■ Task material:
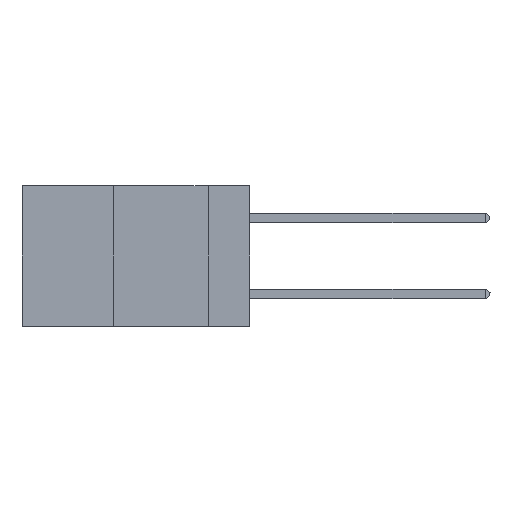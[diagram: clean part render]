
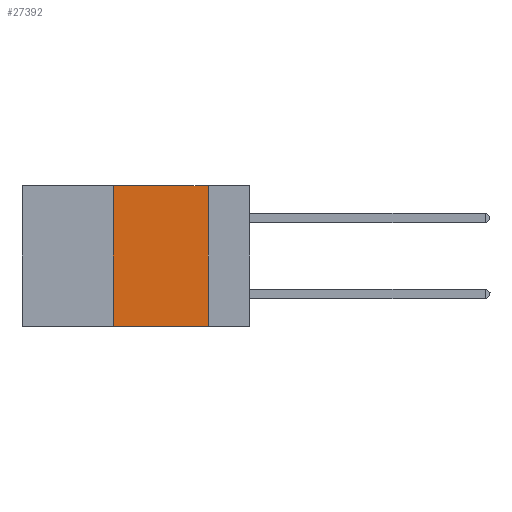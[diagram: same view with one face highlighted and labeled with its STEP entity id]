
A CAD part, left-side view. The second image highlights one B-rep face of the part: STEP entity #27392.
In plain terms, the highlighted planar face has unit normal (-1, 0, 0).
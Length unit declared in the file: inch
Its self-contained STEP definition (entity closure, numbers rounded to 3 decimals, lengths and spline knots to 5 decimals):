
#3140 = EDGE_CURVE ( 'NONE', #16696, #32283, #4851, .T. ) ;
#3346 = EDGE_CURVE ( 'NONE', #31116, #28185, #27574, .T. ) ;
#4851 = LINE ( 'NONE', #36837, #28052 ) ;
#5585 = CARTESIAN_POINT ( 'NONE',  ( 0., 0.11, -0.37 ) ) ;
#5715 = CARTESIAN_POINT ( 'NONE',  ( 0., 0.6, 0. ) ) ;
#7653 = CARTESIAN_POINT ( 'NONE',  ( 0., 0.36, -0.37 ) ) ;
#7809 = ORIENTED_EDGE ( 'NONE', *, *, #3140, .T. ) ;
#11568 = DIRECTION ( 'NONE',  ( 0., 0., -1. ) ) ;
#13800 = ORIENTED_EDGE ( 'NONE', *, *, #14814, .F. ) ;
#14353 = PLANE ( 'NONE',  #36027 ) ;
#14814 = EDGE_CURVE ( 'NONE', #16696, #31116, #15111, .T. ) ;
#15111 = LINE ( 'NONE', #17353, #37234 ) ;
#16679 = DIRECTION ( 'NONE',  ( 0., -1., 0. ) ) ;
#16696 = VERTEX_POINT ( 'NONE', #7653 ) ;
#17353 = CARTESIAN_POINT ( 'NONE',  ( 0., 0.36, 0. ) ) ;
#19428 = DIRECTION ( 'NONE',  ( 0., 0., -1. ) ) ;
#19868 = VECTOR ( 'NONE', #21864, 39.37008 ) ;
#21591 = FACE_OUTER_BOUND ( 'NONE', #36561, .T. ) ;
#21864 = DIRECTION ( 'NONE',  ( 0., -1., 0. ) ) ;
#22891 = ORIENTED_EDGE ( 'NONE', *, *, #24570, .F. ) ;
#23836 = CARTESIAN_POINT ( 'NONE',  ( 0., 0.36, 0. ) ) ;
#24570 = EDGE_CURVE ( 'NONE', #28185, #32283, #25920, .T. ) ;
#25002 = VECTOR ( 'NONE', #19428, 39.37008 ) ;
#25920 = LINE ( 'NONE', #33832, #25002 ) ;
#27392 = ADVANCED_FACE ( 'NONE', ( #21591 ), #14353, .F. ) ;
#27574 = LINE ( 'NONE', #33390, #19868 ) ;
#28052 = VECTOR ( 'NONE', #16679, 39.37008 ) ;
#28185 = VERTEX_POINT ( 'NONE', #36233 ) ;
#28975 = DIRECTION ( 'NONE',  ( 1., 0., 0. ) ) ;
#31116 = VERTEX_POINT ( 'NONE', #23836 ) ;
#32283 = VERTEX_POINT ( 'NONE', #5585 ) ;
#33390 = CARTESIAN_POINT ( 'NONE',  ( 0., 0.6, 0. ) ) ;
#33832 = CARTESIAN_POINT ( 'NONE',  ( 0., 0.11, 0. ) ) ;
#34643 = DIRECTION ( 'NONE',  ( 0., 0., 1. ) ) ;
#36027 = AXIS2_PLACEMENT_3D ( 'NONE', #5715, #28975, #11568 ) ;
#36233 = CARTESIAN_POINT ( 'NONE',  ( 0., 0.11, 0. ) ) ;
#36506 = ORIENTED_EDGE ( 'NONE', *, *, #3346, .F. ) ;
#36561 = EDGE_LOOP ( 'NONE', ( #22891, #36506, #13800, #7809 ) ) ;
#36837 = CARTESIAN_POINT ( 'NONE',  ( 0., 0.6, -0.37 ) ) ;
#37234 = VECTOR ( 'NONE', #34643, 39.37008 ) ;
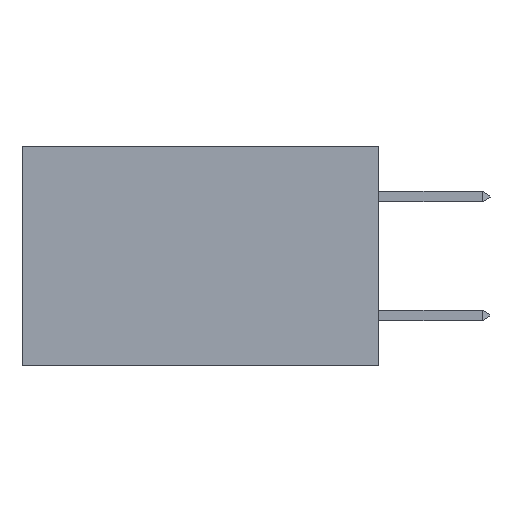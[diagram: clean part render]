
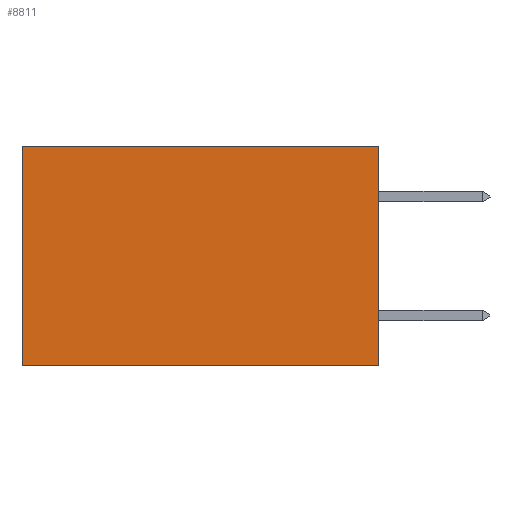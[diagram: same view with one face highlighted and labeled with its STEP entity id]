
A CAD part, left-side view. The second image highlights one B-rep face of the part: STEP entity #8811.
In plain terms, the highlighted planar face has unit normal (-1, 0, 0).
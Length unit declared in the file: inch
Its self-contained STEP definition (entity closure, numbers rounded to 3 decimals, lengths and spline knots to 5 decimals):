
#533 = CARTESIAN_POINT ( 'NONE',  ( 0.298, 0., -0.37 ) ) ;
#571 = CARTESIAN_POINT ( 'NONE',  ( 0.298, 0.6, 0. ) ) ;
#628 = CARTESIAN_POINT ( 'NONE',  ( 0.298, 0., 0. ) ) ;
#1339 = EDGE_CURVE ( 'NONE', #6697, #18755, #9492, .T. ) ;
#3538 = EDGE_CURVE ( 'NONE', #18755, #6341, #8462, .T. ) ;
#4271 = VECTOR ( 'NONE', #8455, 39.37008 ) ;
#5504 = CARTESIAN_POINT ( 'NONE',  ( 0.298, 0.6, 0. ) ) ;
#5531 = FACE_OUTER_BOUND ( 'NONE', #16817, .T. ) ;
#6341 = VERTEX_POINT ( 'NONE', #7587 ) ;
#6463 = EDGE_CURVE ( 'NONE', #16006, #6341, #8129, .T. ) ;
#6697 = VERTEX_POINT ( 'NONE', #10940 ) ;
#7327 = ORIENTED_EDGE ( 'NONE', *, *, #1339, .F. ) ;
#7587 = CARTESIAN_POINT ( 'NONE',  ( 0.298, 0.6, -0.37 ) ) ;
#7622 = AXIS2_PLACEMENT_3D ( 'NONE', #9295, #15283, #16725 ) ;
#7847 = PLANE ( 'NONE',  #7622 ) ;
#7874 = DIRECTION ( 'NONE',  ( 0., 1., 0. ) ) ;
#8129 = LINE ( 'NONE', #571, #15662 ) ;
#8455 = DIRECTION ( 'NONE',  ( 0., 1., 0. ) ) ;
#8462 = LINE ( 'NONE', #11021, #4271 ) ;
#8811 = ADVANCED_FACE ( 'NONE', ( #5531 ), #7847, .F. ) ;
#9295 = CARTESIAN_POINT ( 'NONE',  ( 0.298, 0., 0. ) ) ;
#9418 = DIRECTION ( 'NONE',  ( 0., 0., -1. ) ) ;
#9492 = LINE ( 'NONE', #628, #18931 ) ;
#9562 = CARTESIAN_POINT ( 'NONE',  ( 0.298, 0., 0. ) ) ;
#9563 = VECTOR ( 'NONE', #7874, 39.37008 ) ;
#10940 = CARTESIAN_POINT ( 'NONE',  ( 0.298, 0., 0. ) ) ;
#11021 = CARTESIAN_POINT ( 'NONE',  ( 0.298, 0., -0.37 ) ) ;
#13794 = ORIENTED_EDGE ( 'NONE', *, *, #18467, .T. ) ;
#14708 = ORIENTED_EDGE ( 'NONE', *, *, #3538, .F. ) ;
#15283 = DIRECTION ( 'NONE',  ( 1., 0., 0. ) ) ;
#15520 = DIRECTION ( 'NONE',  ( 0., 0., -1. ) ) ;
#15662 = VECTOR ( 'NONE', #9418, 39.37008 ) ;
#16006 = VERTEX_POINT ( 'NONE', #5504 ) ;
#16725 = DIRECTION ( 'NONE',  ( 0., 0., -1. ) ) ;
#16817 = EDGE_LOOP ( 'NONE', ( #17705, #14708, #7327, #13794 ) ) ;
#17705 = ORIENTED_EDGE ( 'NONE', *, *, #6463, .T. ) ;
#17846 = LINE ( 'NONE', #9562, #9563 ) ;
#18467 = EDGE_CURVE ( 'NONE', #6697, #16006, #17846, .T. ) ;
#18755 = VERTEX_POINT ( 'NONE', #533 ) ;
#18931 = VECTOR ( 'NONE', #15520, 39.37008 ) ;

■ Problem statement: What are the lines of the data above that include the string "VECTOR"? Copy them.

■ Result for this exercise:
#19868 = VECTOR ( 'NONE', #21864, 39.37008 ) ;
#25002 = VECTOR ( 'NONE', #19428, 39.37008 ) ;
#28052 = VECTOR ( 'NONE', #16679, 39.37008 ) ;
#37234 = VECTOR ( 'NONE', #34643, 39.37008 ) ;
#4271 = VECTOR ( 'NONE', #8455, 39.37008 ) ;
#9563 = VECTOR ( 'NONE', #7874, 39.37008 ) ;
#15662 = VECTOR ( 'NONE', #9418, 39.37008 ) ;
#18931 = VECTOR ( 'NONE', #15520, 39.37008 ) ;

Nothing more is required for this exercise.